[PROVIDED RECORDS]
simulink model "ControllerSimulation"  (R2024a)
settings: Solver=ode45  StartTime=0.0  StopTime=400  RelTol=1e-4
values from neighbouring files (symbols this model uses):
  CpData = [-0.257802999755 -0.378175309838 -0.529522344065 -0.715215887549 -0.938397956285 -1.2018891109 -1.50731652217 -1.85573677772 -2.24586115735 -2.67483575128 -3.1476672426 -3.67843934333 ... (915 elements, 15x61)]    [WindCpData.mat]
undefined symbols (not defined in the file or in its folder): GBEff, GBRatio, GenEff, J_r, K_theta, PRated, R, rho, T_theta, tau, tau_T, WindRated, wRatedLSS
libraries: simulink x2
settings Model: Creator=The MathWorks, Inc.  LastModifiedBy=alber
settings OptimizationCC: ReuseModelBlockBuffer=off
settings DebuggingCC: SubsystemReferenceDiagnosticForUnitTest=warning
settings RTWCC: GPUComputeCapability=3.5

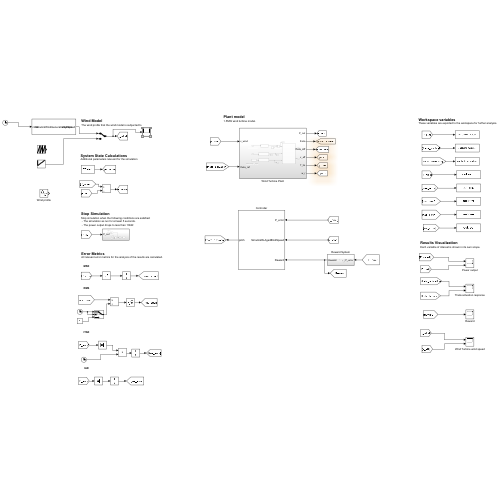
[thumbnail: Simulink's stored preview of the top-level diagram]
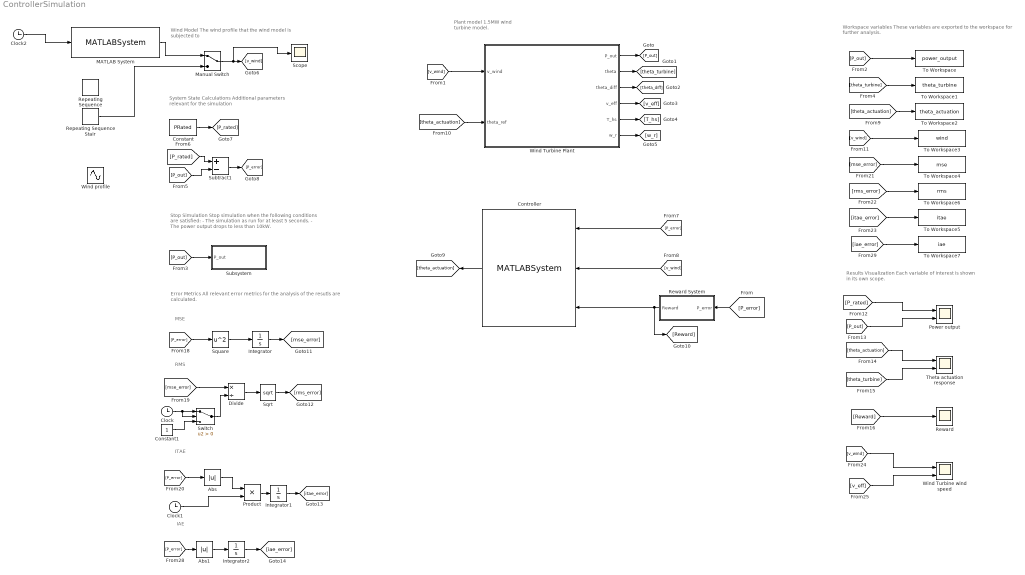
== system ControllerSimulation ==
  note: IAE
  note: MSE
  note: Error Metrics
      | All relevant error metrics for the analysis of the resutls are calculated.
  note: Results Visualization
      | Each variable of interest is shown in its own scope.
  note: System State Calculations
      | Additional parameters relevant for the simulation
  note: Wind Model
      | The wind profile that the wind model is subjected to
  note: Workspace variables
      | These variables are exported to the workspace for further analysis.
  note: Stop Simulation
      | Stop simulation when the following conditions are satisfied:
      | - The simulation as run for at least 5 seconds.
      | - The power output drops to less than 10kW.
  note: Plant model
      | 1.5MW wind turbine model.
  note: RMS
  note: ITAE
  Abs : Abs  SaturateOnIntegerOverflow=off
  Abs1 : Abs  SaturateOnIntegerOverflow=off
  Clock : Clock
  Clock1 : Clock
  Clock2 : Clock
  Constant : Constant  Value=PRated
  Constant1 : Constant
  Controller : MATLABSystem  System=SimulinkRLAgent  SimulateUsing=Interpreted execution
      mask Type: SimulinkRLAgent
      mask Display:
      | disp('SimulinkRLAgent');
      | port_label('input',1,'P_error');
      | port_label('input',2,'WindSpeed');
      | port_label('input',3,'Reward');
      | port_label('output',1,'pitch');
  Divide : Product  Inputs=*/
  Integrator : Integrator
  Integrator1 : Integrator
  Integrator2 : Integrator
  MATLAB System : MATLABSystem  System=SimulinkWindGeneratorSystem  Scale=11.7  Shape=120  Tau=1  MaxRate=0.9  Ts=1  RandomTime=5  SimulateUsing=Interpreted execution
      mask Type: SimulinkWindGeneratorSystem
      mask Display:
      | disp('SimulinkWindGeneratorSystem');
      | port_label('input',1,'clock');
      | port_label('output',1,'windSpeed');
  Manual Switch : ManualSwitch
  Power output : Scope  NumInputPorts=2
  Product : Product
  Repeating Sequence : simulink/Sources/Repeating Sequence  rep_seq_t=[0 401]  rep_seq_y=[11.3 11.9]
  Repeating Sequence Stair : simulink/Sources/Repeating Sequence Stair  OutValues=11.3:0.05:11.9  tsamp=15  OutMin=[11.3]  OutMax=[11.9]  OutDataTypeStr=double  OutputDataTypeScalingMode=double  OutDataType=fixdt(0,8)  ConRadixGroup=Best Precision: Vector-wise  OutScaling=2^-12
  Reward : Scope
  Reward System : Subsystem
  Scope : Scope
  Sqrt : Sqrt
  Square : Math  Operator=square
  Subsystem : Subsystem
  Subtract1 : Sum  Inputs=+-
  Switch : Switch  Criteria=u2 > Threshold  SaturateOnIntegerOverflow=off  InputSameDT=off
  Theta actuation response : Scope  NumInputPorts=2
  To Workspace : ToWorkspace  VariableName=power_output  SaveFormat=Timeseries  SampleTime=-1
  To Workspace1 : ToWorkspace  VariableName=theta_turbine  SaveFormat=Timeseries  SampleTime=-1
  To Workspace2 : ToWorkspace  VariableName=theta_actuation  SaveFormat=Timeseries  SampleTime=-1
  To Workspace3 : ToWorkspace  VariableName=wind  SaveFormat=Timeseries  SampleTime=-1
  To Workspace4 : ToWorkspace  VariableName=mse  SaveFormat=Timeseries  SampleTime=-1
  To Workspace5 : ToWorkspace  VariableName=itae  SaveFormat=Timeseries  SampleTime=-1
  To Workspace6 : ToWorkspace  VariableName=rms  SaveFormat=Timeseries  SampleTime=-1
  To Workspace7 : ToWorkspace  VariableName=iae  SaveFormat=Timeseries  SampleTime=-1
  Wind Turbine Plant : Subsystem
  Wind Turbine wind speed : Scope  NumInputPorts=2
  Wind profile : Sin  Amplitude=.2  Bias=WindRated+0.4  Frequency=0.05  SampleTime=0
  wires:
  Wind Turbine Plant/1(P_out) -> [P_out]
  Wind Turbine Plant/2(theta) -> [theta_turbine]
  Wind Turbine Plant/3(theta_diff) -> [theta_diff]
  Wind Turbine Plant/4(v_eff) -> [v_eff]
  Wind Turbine Plant/5(T_hs) -> [T_hs]
  Wind Turbine Plant/6(w_r) -> [w_r]
  [v_wind] -> Wind Turbine Plant/1(v_wind)
  [P_out] -> To Workspace/1
  [P_out] -> Subsystem/1(P_out)
  [theta_turbine] -> To Workspace1/1
  Constant/1 -> [P_rated]
  [P_rated] -> Subtract1/1
  [P_out] -> Subtract1/2
  Subtract1/1 -> [P_error]
  [P_error] -> Controller/1
  [v_wind] -> Controller/2
  [theta_actuation] -> To Workspace2/1
  Controller/1 -> [theta_actuation]
  [P_error] -> Reward System/1(P_error)
  [v_wind] -> To Workspace3/1
  [P_rated] -> Power output/1
  [P_out] -> Power output/2
  [theta_actuation] -> Theta actuation response/1
  [theta_turbine] -> Theta actuation response/2
  [Reward] -> Reward/1
  [P_error] -> Square/1
  Square/1 -> Integrator/1
  Integrator/1 -> [mse_error]
  [mse_error] -> Divide/1
  Clock/1 -> Switch/2, Switch/1
  Constant1/1 -> Switch/3
  Switch/1 -> Divide/2
  Divide/1 -> Sqrt/1
  Sqrt/1 -> [rms_error]
  [P_error] -> Abs/1
  Abs/1 -> Product/1
  Clock1/1 -> Product/2
  Product/1 -> Integrator1/1
  Integrator1/1 -> [itae_error]
  [mse_error] -> To Workspace4/1
  [rms_error] -> To Workspace6/1
  [itae_error] -> To Workspace5/1
  [v_wind] -> Wind Turbine wind speed/1
  [v_eff] -> Wind Turbine wind speed/2
  [P_error] -> Abs1/1
  Abs1/1 -> Integrator2/1
  Integrator2/1 -> [iae_error]
  [iae_error] -> To Workspace7/1
  [theta_actuation] -> Wind Turbine Plant/2(theta_ref)
  Reward System/1(Reward) -> [Reward], Controller/3
  Manual Switch/1 -> Scope/1, [v_wind]
  MATLAB System/1 -> Manual Switch/1
  Clock2/1 -> MATLAB System/1
  Repeating Sequence Stair/1 -> Manual Switch/2

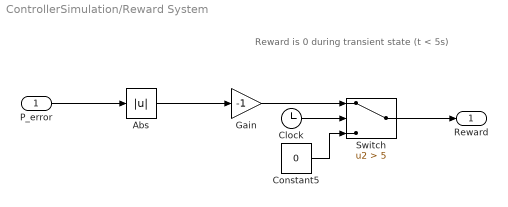
== system ControllerSimulation/Reward System ==
  note: Reward is 0 during transient state (t < 5s)
  P_error : Inport
  Abs : Abs  SaturateOnIntegerOverflow=off
  Clock : Clock
  Constant5 : Constant  Value=0
  Gain : Gain  Gain=-1
  Switch : Switch  Criteria=u2 > Threshold  Threshold=5  SaturateOnIntegerOverflow=off  InputSameDT=off
  Reward : Outport
  wires:
  P_error/1 -> Abs/1
  Clock/1 -> Switch/2
  Gain/1 -> Switch/1
  Constant5/1 -> Switch/3
  Switch/1 -> Reward/1
  Abs/1 -> Gain/1

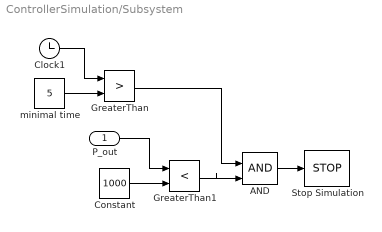
== system ControllerSimulation/Subsystem ==
  P_out : Inport
  AND : Logic  IconShape=distinctive  AllPortsSameDT=off  OutDataTypeStr=boolean
  Clock1 : Clock
  Constant : Constant  Value=1000
  GreaterThan : RelationalOperator  Operator=>  OutDataTypeStr=boolean  RndMeth=Simplest  InputSameDT=off
  GreaterThan1 : RelationalOperator  Operator=<  OutDataTypeStr=boolean  RndMeth=Simplest  InputSameDT=off
  Stop Simulation : Stop
  minimal time : Constant  Value=5
  wires:
  minimal time/1 -> GreaterThan/2
  AND/1 -> Stop Simulation/1
  Constant/1 -> GreaterThan1/2
  GreaterThan1/1 -> AND/2
  GreaterThan/1 -> AND/1
  Clock1/1 -> GreaterThan/1
  P_out/1 -> GreaterThan1/1

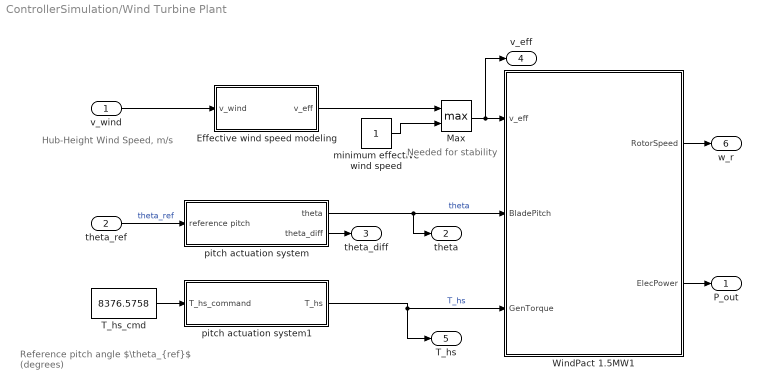
== system ControllerSimulation/Wind Turbine Plant ==
  note: Needed for stability
  note: Hub-Height Wind Speed, m/s
  note: Reference pitch angle $\theta_{ref}$ (degrees)
  v_wind : Inport
  theta_ref : Inport  Port=2
  Effective wind speed modeling : Subsystem
  Max : MinMax  Function=max  Inputs=2
  T_hs_cmd : Constant  Value=8376.5758
  WindPact 1.5MW1 : Subsystem
  minimum effective wind speed : Constant
  pitch actuation system : Subsystem
  pitch actuation system1 : Subsystem
  P_out : Outport
  theta : Outport  Port=2
  theta_diff : Outport  Port=3
  v_eff : Outport  Port=4
  T_hs : Outport  Port=5
  w_r : Outport  Port=6
  wires:
  minimum effective wind speed/1 -> Max/2
  Max/1 -> v_eff/1, WindPact 1.5MW1/1(v_eff)
  Effective wind speed modeling/1(v_eff) -> Max/1
  v_wind/1 -> Effective wind speed modeling/1(v_wind)
  theta_ref/1 -> pitch actuation system/1(reference pitch)  "theta_ref"
  WindPact 1.5MW1/2(ElecPower) -> P_out/1
  pitch actuation system/1(theta) -> WindPact 1.5MW1/2(BladePitch), theta/1  "theta"
  WindPact 1.5MW1/1("RotorSpeed ") -> w_r/1
  pitch actuation system/2(theta_diff) -> theta_diff/1
  T_hs_cmd/1 -> pitch actuation system1/1(T_hs_command)
  pitch actuation system1/1(T_hs) -> WindPact 1.5MW1/3(GenTorque), T_hs/1  "T_hs"

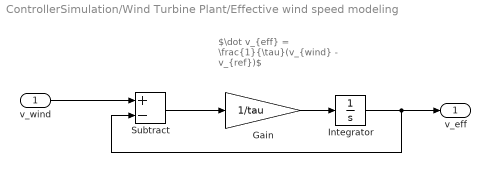
== system ControllerSimulation/Wind Turbine Plant/Effective wind speed modeling ==
  note: $\dot v_{eff} = \frac{1}{\tau}(v_{wind} - v_{ref})$
  v_wind : Inport
  Gain : Gain  Gain=1/tau
  Integrator : Integrator
  Subtract : Sum  Inputs=+-
  v_eff : Outport
  wires:
  Integrator/1 -> Subtract/2, v_eff/1
  Gain/1 -> Integrator/1
  Subtract/1 -> Gain/1
  v_wind/1 -> Subtract/1

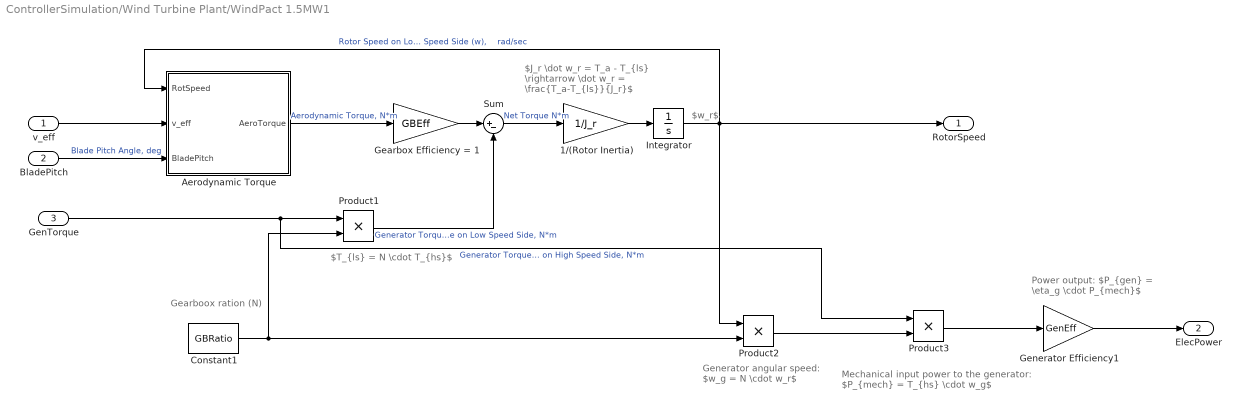
== system ControllerSimulation/Wind Turbine Plant/WindPact 1.5MW1 ==
  note: Gearboox ration (N)
  note: Power output:
      | $P_{gen} = \eta_g \cdot P_{mech}$
  note: Mechanical input power to the generator:
      | $P_{mech} = T_{hs} \cdot w_g$
  note: $w_r$
  note: Generator angular speed:
      | $w_g = N \cdot w_r$
  note: $J_r \dot w_r = T_a - T_{ls} \rightarrow \dot w_r = \frac{T_a-T_{ls}}{J_r}$
  note: $T_{ls} = N \cdot T_{hs}$
  v_eff : Inport
  BladePitch : Inport  Port=2
  GenTorque : Inport  Port=3
  1/(Rotor Inertia) : Gain  Gain=1/J_r
  Aerodynamic Torque : Subsystem
  Constant1 : Constant  Value=GBRatio
  Gearbox Efficiency = 1 : Gain  Gain=GBEff
  Generator Efficiency1 : Gain  Gain=GenEff
  Integrator : Integrator  InitialCondition=wRatedLSS
  Product1 : Product
  Product2 : Product
  Product3 : Product
  Sum : Sum  Inputs=|+-
  "RotorSpeed " : Outport
  ElecPower : Outport  Port=2
  wires:
  Integrator/1 -> "RotorSpeed "/1, Product2/1, Aerodynamic Torque/1("RotSpeed ")  "Rotor Speed on Low Speed Side (w),    rad/sec"
  Sum/1 -> 1/(Rotor Inertia)/1  "Net Torque N*m"
  Gearbox Efficiency = 1/1 -> Sum/1
  Product1/1 -> Sum/2  "Generator Torque on Low Speed Side, N*m"
  1/(Rotor Inertia)/1 -> Integrator/1
  v_eff/1 -> Aerodynamic Torque/2(v_eff)
  GenTorque/1 -> Product3/1, Product1/1  "Generator Torque on High Speed Side, N*m"
  Aerodynamic Torque/1(AeroTorque) -> Gearbox Efficiency = 1/1  "Aerodynamic Torque, N*m"
  BladePitch/1 -> Aerodynamic Torque/3(BladePitch)  "Blade Pitch Angle, deg"
  Constant1/1 -> Product1/2, Product2/2
  Product2/1 -> Product3/2
  Product3/1 -> Generator Efficiency1/1
  Generator Efficiency1/1 -> ElecPower/1

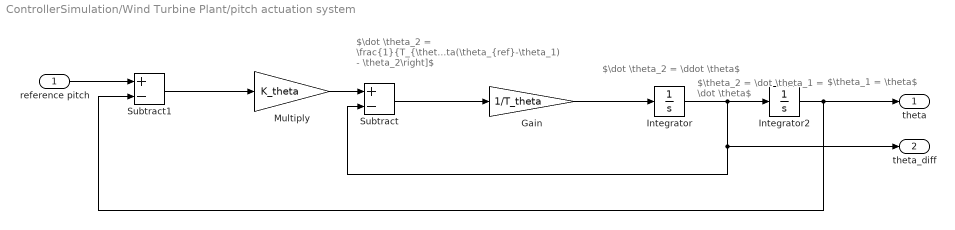
== system ControllerSimulation/Wind Turbine Plant/pitch actuation system ==
  note: $\dot \theta_2 = \frac{1}{T_{\theta}}\left[K_\theta(\theta_{ref}-\theta_1) - \theta_2\right]$
  note: $\theta_1 = \theta$
  note: $\dot \theta_2 = \ddot \theta$
  note: $\theta_2 = \dot \theta_1 = \dot \theta$
  reference pitch : Inport
  Gain : Gain  Gain=1/T_theta
  Integrator : Integrator
  Integrator2 : Integrator
  Multiply : Gain  Gain=K_theta
  Subtract : Sum  Inputs=+-
  Subtract1 : Sum  Inputs=+-
  theta : Outport
  theta_diff : Outport  Port=2
  wires:
  Gain/1 -> Integrator/1
  Multiply/1 -> Subtract/1
  reference pitch/1 -> Subtract1/1
  Subtract1/1 -> Multiply/1
  Subtract/1 -> Gain/1
  Integrator/1 -> theta_diff/1, Subtract/2, Integrator2/1
  Integrator2/1 -> theta/1, Subtract1/2

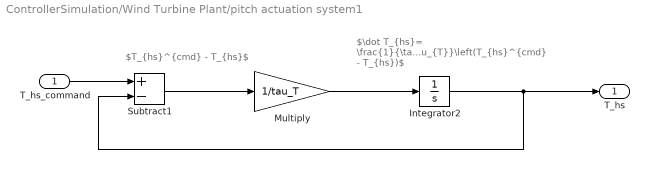
== system ControllerSimulation/Wind Turbine Plant/pitch actuation system1 ==
  note: $T_{hs}^{cmd} - T_{hs}$
  note: $\dot T_{hs}= \frac{1}{\tau_{T}}\left(T_{hs}^{cmd} - T_{hs})$
  T_hs_command : Inport
  Integrator2 : Integrator
  Multiply : Gain  Gain=1/tau_T
  Subtract1 : Sum  Inputs=+-
  T_hs : Outport
  wires:
  Multiply/1 -> Integrator2/1
  T_hs_command/1 -> Subtract1/1
  Subtract1/1 -> Multiply/1
  Integrator2/1 -> Subtract1/2, T_hs/1

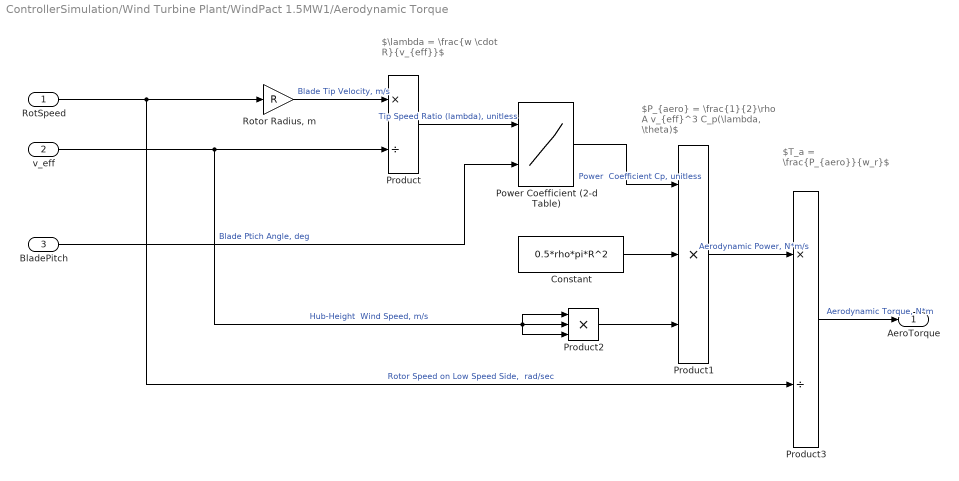
== system ControllerSimulation/Wind Turbine Plant/WindPact 1.5MW1/Aerodynamic Torque ==
  note: $T_a = \frac{P_{aero}}{w_r}$
  note: $\lambda = \frac{w \cdot R}{v_{eff}}$
  note: $P_{aero} = \frac{1}{2}\rho A v_{eff}^3 C_p(\lambda, \theta)$
  "RotSpeed " : Inport
  v_eff : Inport  Port=2
  BladePitch : Inport  Port=3
  Constant : Constant  Value=0.5*rho*pi*R^2
  Power Coefficient (2-d Table) : Lookup2D  RowIndex=TSRgrid  ColumnIndex=Bgrid  Table=CpData  SaturateOnIntegerOverflow=off  InputSameDT=off
  Product : Product  Inputs=*/
  Product1 : Product  Inputs=***
  Product2 : Product  Inputs=***
  Product3 : Product  Inputs=*/
  "Rotor Radius, m" : Gain  Gain=R
  AeroTorque : Outport
  wires:
  "RotSpeed "/1 -> Product3/2, "Rotor Radius, m"/1  "Rotor Speed on Low Speed Side,  rad/sec"
  "Rotor Radius, m"/1 -> Product/1  "Blade Tip Velocity, m/s"
  v_eff/1 -> Product2/3, Product2/1, Product2/2, Product/2  "Hub-Height  Wind Speed, m/s"
  Product/1 -> Power Coefficient (2-d Table)/1  "Tip Speed Ratio (lambda), unitless"
  Power Coefficient (2-d Table)/1 -> Product1/1  "Power  Coefficient Cp, unitless"
  Constant/1 -> Product1/2
  Product2/1 -> Product1/3
  Product1/1 -> Product3/1  "Aerodynamic Power, N*m/s"
  Product3/1 -> AeroTorque/1  "Aerodynamic Torque, N*m"
  BladePitch/1 -> Power Coefficient (2-d Table)/2  "Blade Ptich Angle, deg"

[EXERCISE OBJECTIVE]
In the listing above, start at the line with "mask Type: SimulinkWindGeneratorSystem", go on through the line with "Repeating Sequence : simulink/Sources/Repeating", and copy each of those lines exactly; leave out all the rest.

[EXERCISE OUTPUT]
      mask Type: SimulinkWindGeneratorSystem
      mask Display:
      | disp('SimulinkWindGeneratorSystem');
      | port_label('input',1,'clock');
      | port_label('output',1,'windSpeed');
  Manual Switch : ManualSwitch
  Power output : Scope  NumInputPorts=2
  Product : Product
  Repeating Sequence : simulink/Sources/Repeating Sequence  rep_seq_t=[0 401]  rep_seq_y=[11.3 11.9]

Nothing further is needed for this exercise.